きょう、あなたの健康百科に、高校生の性交経験、近年最低レベルに―"欲求"も少なく 「児童・生徒の性」実態調査という記事が出ました。

「8月30~31日に茨城県内で開かれた日本思春期学会の会合」、これは第33回日本思春期学会学術集会のことで、会場はエポカルつくばです。私は参加しなかったのですが、この研究報告は、2日目にあったようです。

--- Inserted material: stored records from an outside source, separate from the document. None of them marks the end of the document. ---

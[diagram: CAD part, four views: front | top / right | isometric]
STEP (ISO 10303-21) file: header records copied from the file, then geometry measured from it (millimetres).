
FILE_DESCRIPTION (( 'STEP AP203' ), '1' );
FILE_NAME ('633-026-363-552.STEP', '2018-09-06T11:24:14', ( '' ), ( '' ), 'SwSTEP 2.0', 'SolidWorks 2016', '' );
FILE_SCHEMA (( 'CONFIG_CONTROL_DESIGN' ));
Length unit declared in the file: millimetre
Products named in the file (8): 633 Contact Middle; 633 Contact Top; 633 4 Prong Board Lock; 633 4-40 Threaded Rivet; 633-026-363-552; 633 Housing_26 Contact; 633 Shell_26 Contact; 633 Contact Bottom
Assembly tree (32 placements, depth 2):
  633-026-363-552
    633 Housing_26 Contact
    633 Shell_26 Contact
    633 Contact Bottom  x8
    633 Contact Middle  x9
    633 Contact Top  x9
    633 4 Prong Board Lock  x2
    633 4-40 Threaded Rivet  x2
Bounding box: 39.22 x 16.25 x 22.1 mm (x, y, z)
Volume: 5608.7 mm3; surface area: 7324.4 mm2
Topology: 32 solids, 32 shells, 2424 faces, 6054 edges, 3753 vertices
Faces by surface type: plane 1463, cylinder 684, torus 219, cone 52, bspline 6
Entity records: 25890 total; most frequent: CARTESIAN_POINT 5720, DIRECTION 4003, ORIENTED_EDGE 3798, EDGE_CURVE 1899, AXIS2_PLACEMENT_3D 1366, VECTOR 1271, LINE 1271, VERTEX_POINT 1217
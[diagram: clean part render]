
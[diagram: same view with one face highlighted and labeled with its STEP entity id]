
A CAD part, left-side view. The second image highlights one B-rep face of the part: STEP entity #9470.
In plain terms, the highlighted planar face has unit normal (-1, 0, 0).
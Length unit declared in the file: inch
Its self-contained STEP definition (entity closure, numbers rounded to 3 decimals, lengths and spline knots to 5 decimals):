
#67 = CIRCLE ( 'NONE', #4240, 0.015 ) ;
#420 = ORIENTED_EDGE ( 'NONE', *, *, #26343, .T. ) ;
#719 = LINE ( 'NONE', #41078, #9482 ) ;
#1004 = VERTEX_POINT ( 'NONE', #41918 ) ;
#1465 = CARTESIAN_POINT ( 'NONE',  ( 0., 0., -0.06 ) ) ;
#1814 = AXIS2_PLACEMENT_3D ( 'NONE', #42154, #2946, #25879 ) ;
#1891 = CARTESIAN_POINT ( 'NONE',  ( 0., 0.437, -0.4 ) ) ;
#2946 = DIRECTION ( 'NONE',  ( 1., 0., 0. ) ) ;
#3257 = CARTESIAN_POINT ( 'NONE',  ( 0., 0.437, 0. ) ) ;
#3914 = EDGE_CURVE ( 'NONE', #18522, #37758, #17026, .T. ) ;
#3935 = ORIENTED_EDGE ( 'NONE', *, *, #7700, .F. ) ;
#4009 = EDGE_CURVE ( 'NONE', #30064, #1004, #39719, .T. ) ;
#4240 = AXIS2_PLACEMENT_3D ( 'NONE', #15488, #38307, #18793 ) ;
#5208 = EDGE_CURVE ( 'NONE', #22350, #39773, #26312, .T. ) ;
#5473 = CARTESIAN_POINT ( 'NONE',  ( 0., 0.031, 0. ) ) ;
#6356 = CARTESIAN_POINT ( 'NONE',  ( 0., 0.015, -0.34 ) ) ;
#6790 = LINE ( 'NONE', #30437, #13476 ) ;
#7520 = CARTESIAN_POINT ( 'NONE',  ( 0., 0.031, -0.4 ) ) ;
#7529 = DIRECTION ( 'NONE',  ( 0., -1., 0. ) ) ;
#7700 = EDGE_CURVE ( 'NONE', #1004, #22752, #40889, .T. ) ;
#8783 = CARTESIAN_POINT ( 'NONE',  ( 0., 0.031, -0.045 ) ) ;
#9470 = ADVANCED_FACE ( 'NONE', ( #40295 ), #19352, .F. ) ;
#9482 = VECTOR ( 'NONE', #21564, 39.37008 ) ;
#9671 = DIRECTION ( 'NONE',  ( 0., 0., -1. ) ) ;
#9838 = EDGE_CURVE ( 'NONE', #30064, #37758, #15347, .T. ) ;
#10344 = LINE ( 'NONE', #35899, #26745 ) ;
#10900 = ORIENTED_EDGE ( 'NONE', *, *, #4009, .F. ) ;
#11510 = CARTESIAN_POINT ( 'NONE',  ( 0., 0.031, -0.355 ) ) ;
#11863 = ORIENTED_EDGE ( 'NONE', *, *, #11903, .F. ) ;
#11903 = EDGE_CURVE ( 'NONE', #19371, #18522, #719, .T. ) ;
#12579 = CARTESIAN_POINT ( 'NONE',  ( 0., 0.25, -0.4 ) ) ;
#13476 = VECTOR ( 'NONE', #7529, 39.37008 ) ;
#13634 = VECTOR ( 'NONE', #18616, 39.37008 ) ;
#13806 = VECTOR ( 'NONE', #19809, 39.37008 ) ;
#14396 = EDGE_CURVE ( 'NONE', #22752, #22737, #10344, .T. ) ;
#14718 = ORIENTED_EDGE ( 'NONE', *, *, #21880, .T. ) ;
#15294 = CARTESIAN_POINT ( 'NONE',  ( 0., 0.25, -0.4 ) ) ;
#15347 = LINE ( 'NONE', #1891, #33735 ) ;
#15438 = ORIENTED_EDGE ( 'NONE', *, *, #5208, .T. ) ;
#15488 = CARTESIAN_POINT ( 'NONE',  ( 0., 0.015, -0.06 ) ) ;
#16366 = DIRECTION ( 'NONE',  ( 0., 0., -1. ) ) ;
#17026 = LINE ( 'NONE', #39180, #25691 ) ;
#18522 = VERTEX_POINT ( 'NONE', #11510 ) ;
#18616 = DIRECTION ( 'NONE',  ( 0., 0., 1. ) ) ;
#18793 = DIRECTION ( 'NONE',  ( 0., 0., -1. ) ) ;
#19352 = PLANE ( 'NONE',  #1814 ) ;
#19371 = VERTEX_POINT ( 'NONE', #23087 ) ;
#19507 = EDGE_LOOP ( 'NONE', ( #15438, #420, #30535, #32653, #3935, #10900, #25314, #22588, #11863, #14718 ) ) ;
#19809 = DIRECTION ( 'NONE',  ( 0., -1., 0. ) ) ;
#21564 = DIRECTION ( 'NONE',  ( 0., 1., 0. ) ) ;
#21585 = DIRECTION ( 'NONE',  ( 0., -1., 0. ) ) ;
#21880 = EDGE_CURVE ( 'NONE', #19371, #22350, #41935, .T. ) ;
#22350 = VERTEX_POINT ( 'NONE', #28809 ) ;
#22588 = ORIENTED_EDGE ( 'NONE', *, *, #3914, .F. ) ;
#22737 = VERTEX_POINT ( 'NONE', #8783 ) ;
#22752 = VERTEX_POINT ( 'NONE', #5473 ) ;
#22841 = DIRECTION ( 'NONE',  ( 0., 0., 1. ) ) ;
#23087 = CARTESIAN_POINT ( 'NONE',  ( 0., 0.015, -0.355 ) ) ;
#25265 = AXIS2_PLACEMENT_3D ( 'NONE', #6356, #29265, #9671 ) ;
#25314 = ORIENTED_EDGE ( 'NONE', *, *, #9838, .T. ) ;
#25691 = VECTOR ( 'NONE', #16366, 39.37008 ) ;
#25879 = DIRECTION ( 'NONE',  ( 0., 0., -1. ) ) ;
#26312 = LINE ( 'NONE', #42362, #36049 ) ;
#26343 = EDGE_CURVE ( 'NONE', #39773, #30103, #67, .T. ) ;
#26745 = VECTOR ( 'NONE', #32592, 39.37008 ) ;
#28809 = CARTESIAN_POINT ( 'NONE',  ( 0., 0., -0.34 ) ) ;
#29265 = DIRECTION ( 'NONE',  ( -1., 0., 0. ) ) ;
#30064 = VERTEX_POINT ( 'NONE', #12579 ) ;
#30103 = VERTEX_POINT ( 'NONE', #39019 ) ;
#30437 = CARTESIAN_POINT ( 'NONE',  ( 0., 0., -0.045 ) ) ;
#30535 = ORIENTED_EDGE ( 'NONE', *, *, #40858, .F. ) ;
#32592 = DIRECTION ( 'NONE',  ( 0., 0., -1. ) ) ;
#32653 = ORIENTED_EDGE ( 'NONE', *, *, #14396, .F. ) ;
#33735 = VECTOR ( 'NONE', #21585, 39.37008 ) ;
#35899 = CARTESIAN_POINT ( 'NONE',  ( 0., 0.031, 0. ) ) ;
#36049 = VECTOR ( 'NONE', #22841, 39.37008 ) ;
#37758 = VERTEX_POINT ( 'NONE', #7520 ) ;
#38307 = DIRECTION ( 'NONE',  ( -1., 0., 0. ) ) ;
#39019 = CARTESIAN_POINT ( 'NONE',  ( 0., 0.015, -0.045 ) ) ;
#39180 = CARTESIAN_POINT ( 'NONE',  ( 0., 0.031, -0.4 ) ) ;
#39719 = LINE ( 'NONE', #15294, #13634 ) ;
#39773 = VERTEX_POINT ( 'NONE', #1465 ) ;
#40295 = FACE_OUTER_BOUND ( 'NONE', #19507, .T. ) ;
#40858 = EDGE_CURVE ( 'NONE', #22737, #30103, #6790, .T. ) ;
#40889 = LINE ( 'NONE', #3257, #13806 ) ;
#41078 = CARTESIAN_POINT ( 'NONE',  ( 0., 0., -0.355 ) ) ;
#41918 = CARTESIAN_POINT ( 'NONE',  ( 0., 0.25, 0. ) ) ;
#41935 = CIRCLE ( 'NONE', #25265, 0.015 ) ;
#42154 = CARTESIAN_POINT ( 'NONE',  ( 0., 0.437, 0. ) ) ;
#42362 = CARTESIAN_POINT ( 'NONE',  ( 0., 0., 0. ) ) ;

中ほどにある図、「高校3年生の性交経験率」は、前回調査で現れた男女逆転の拡大を示しています。逆転は、男子の減少以上に、女子の以前からの減少傾向が、大きく進むことによっています。AV女優を志望する若者が増えすぎて、大変な狭き門になったといわれて久しいですし、女子高生の裏社会 「関係性の貧困」に生きる少女たち(仁藤夢乃著、光文社)では、貧困とも家庭問題とも無縁な「生活安定層」までもがJK産業に手を出し、九州地方では性的サービスの時給が800円という例もありましたが、性意識が二極化していると考えるべきでしょうか。

「中3までに射精(精通)を経験した男子は、2002年の59.4%から2014年には49.2%へと低下」したそうです。発表を見ていないのではっきりはわかりませんが、実際には中3までではなく、中3の調査対象者が調査に回答した時点まででかもしれません。それでも、今回もいつもの調査時期に実施されているなら、大きな差はないでしょう。初潮の低年齢化で示される発達加速現象は、フリン効果よりも教科書に載りやすい話題ですが、いずれは男子の発達「減速」現象も併記されるようになるでしょうか。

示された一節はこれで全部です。